Most nad dziką rzeką
Z bazy nie podążaj „drogą”, bo po 300 metrach czekałby na ciebie nieprzyjemny bród, ale ścieżką, która skręca w dolinę na zachodzie. Znajdziesz tutaj mały mostek, po którym łatwo przeprawisz się przez dziką rzekę.
Droga bród
Podążaj ścieżką wzdłuż rzeki, aby wrócić na drogę. Tutaj czasem spotkasz nieszczęśliwych turystów, którzy zastanawiali się, jak przez to przejść, bo czasem samochód terenowy ma z tym problem. Więc jeśli wyślesz ich na mostek (którego stąd nie widać) na pewno będą wdzięczni :-)
Rzeka Karakol
100 metrów poniżej znajduje się most nad ryczącą lodowatą rzeką Karakol. Tutaj kończy się podróż przez równinę i zaczyna się „niekończąca się” wspinaczka.
Psi
Po przejściu przez most na rzece Karakol droga znika w takim wędrującym lesie, który kiedyś był wypełniony masywnymi głazami z górskiego osuwiska. Droga tu i ówdzie kręci się, a potem zaczyna się wspinać po dość stromym zboczu. Po pół godzinie w końcu otwiera się widok na drugą stronę doliny, przez korony miejscowych świerków Schrenkiana (Picea schrenkiana). Tutaj dominuje ostro zakończona góra o wysokości około 4200 metrów nad poziomem morza.
Naprzeciwko doliny
Gdy szlak opuszcza las, widoki na przeciwległą dolinę znacznie się poprawiają. Okoliczna roślinność jest tak „zarośnięta”, że pokonywanie zakrętów na słonecznym stoku nie jest zbyt przyjemne. W porównaniu z innymi miejscami w Kirgistanie spotkasz stosunkowo dużą liczbę turystów – może ponad 20.
Zakopana dolina
Po wejściu na „chwastowe” zbocze otwiera się widok na naszą dolinę. Niestety okaże się, że dziwnie oczyszczony obszar z lodowca, który od dołu wyglądał jak potencjalna tama jeziora, nie jest tym, o czym myśleliście. Woda oczywiście wypływa z miejsc, w których nie jest ona jeszcze stąd widoczna. Kolejna ścieżka, która cię teraz czeka, również nie jest zbyt przyjemna – całe dno doliny pokryte jest kamieniami z okolicznych murów, więc będziesz skakał i tarzał się wśród kamieni. Dobrze jest tu być, gdy światła wrócą.
Stawy na kempingu
Po pokonaniu odcinka z zatopionymi głazami jest to w końcu pierwsze przyjemne miejsce na tej wędrówce. Woda przelewa się do małych jezior, aw niewielkiej odległości znajduje się oficjalny obóz. Ale ludzie tu namiotują, gdzie chcą – po prostu znajdź fajną łatkę.

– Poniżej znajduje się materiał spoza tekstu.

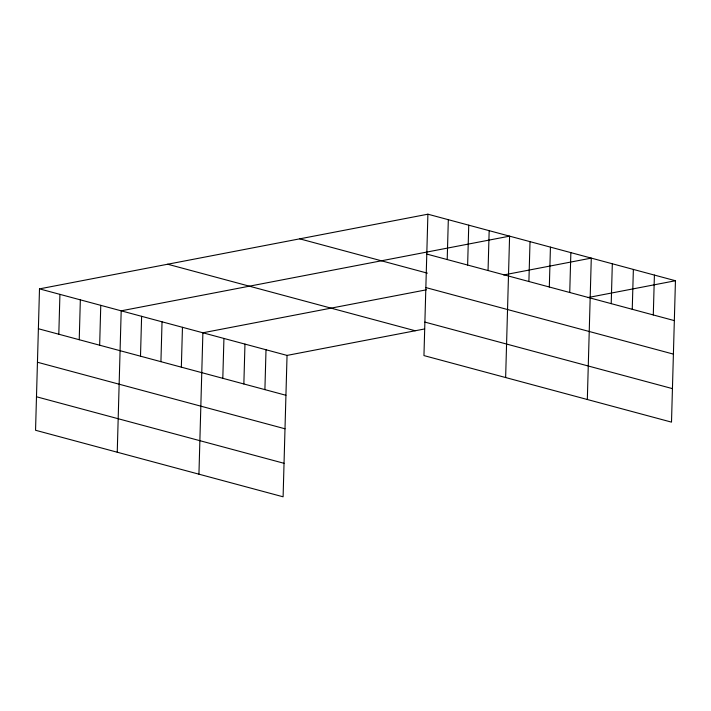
<?xml version="1.0" encoding="UTF-8"?>
<svg xmlns="http://www.w3.org/2000/svg" width="711" height="711" viewBox="0 0 711 711"><rect width="100%" height="100%" fill="white"/><g stroke="black" fill="none" stroke-linecap="round" stroke-linejoin="round"><path stroke-width="1.07" d="M39.496 288.87L35.55 430.262L283.102 496.802L287.048 355.411L39.496 288.87L427.898 214.198L675.45 280.738L671.504 422.13L423.952 355.589L427.898 214.198M58.809 334.232L59.92 294.363M79.232 339.725L80.343 299.846M99.656 345.208L100.766 305.339M117.244 452.223L121.19 310.823L509.591 236.15L505.637 377.55M140.502 356.193L141.613 316.315M160.926 361.677L162.037 321.807M181.349 367.169L182.46 327.291M198.938 474.184L202.884 332.784L426.431 289.804M222.81 378.314L223.929 338.436M243.855 383.967L244.966 344.097M264.901 389.628L266.012 349.75M447.21 259.559L448.321 219.681M467.634 265.043L468.745 225.174M488.057 270.536L489.168 230.666M528.895 281.512L530.015 241.642M549.319 287.004L550.438 247.135M569.742 292.497L570.862 252.618M587.33 399.511L591.285 258.111L503.699 274.953M611.211 303.641L612.322 263.763M632.248 309.294L633.368 269.425M653.293 314.955L654.404 275.077M287.048 355.411L424.654 328.953M587.864 297.571L675.45 280.738M426.787 254.067L674.339 320.608M299.722 238.834L427.373 273.148M425.845 287.573L673.397 354.114M424.885 322.092L672.437 388.624M167.672 264.225L415.224 330.766M38.385 328.74L285.938 395.28M37.452 362.246L285.004 428.786M36.483 396.765L284.036 463.305"/></g></svg>

Dziki wąwóz i pierwszy wodospad
Od miejsca, w którym główna dolina rozdziela się na dwie części, zaczyna się mniejsza dzicz. Szlak wspina się wąskim wąwozem wzdłuż szumiącej wody pierwszego wodospadu. Tutaj uważaj, aby nie dostać się do wody.
Podróż przez wąwóz I
Podróż przez wąwóz jest bardzo przyjemna. Jednak prawdopodobnie nie będziesz miał innego wyjścia, jak tylko dotknąć rzeki, nawet jeśli wiesz, że wypływa ona z jeziora. Nie ma innej opcji i cały czas wspinasz się po stromym zboczu, więc zużycie wody jest ogromne.
Podejście wąwozem II
Stopniowo zaczyna się pojawiać mała spiczasta skała – wypływa z naszego jeziora
Pod jeziorem
Ścieżka wije się bez końca między kamieniami, a drugi większy wodospad zaczyna płynąć bezpośrednio z jeziora.
Drugi wodospad
Poniżej drugiego wodospadu dobre miejsce na relaks przed ostatnim podejściem do jeziora. Droga stąd prowadzi w gruzach po lewej stronie wodospadu. Kijki trekkingowe są nie tylko dobre na tę wędrówkę.
Gruz opadający poniżej Ala dookoła
Na szczęście na gruzowiskowym stoku są dość dobrze wydeptane szlaki. Ze względu na to, że dolina się odwraca, widok z tyłu nie zapiera dech w piersiach.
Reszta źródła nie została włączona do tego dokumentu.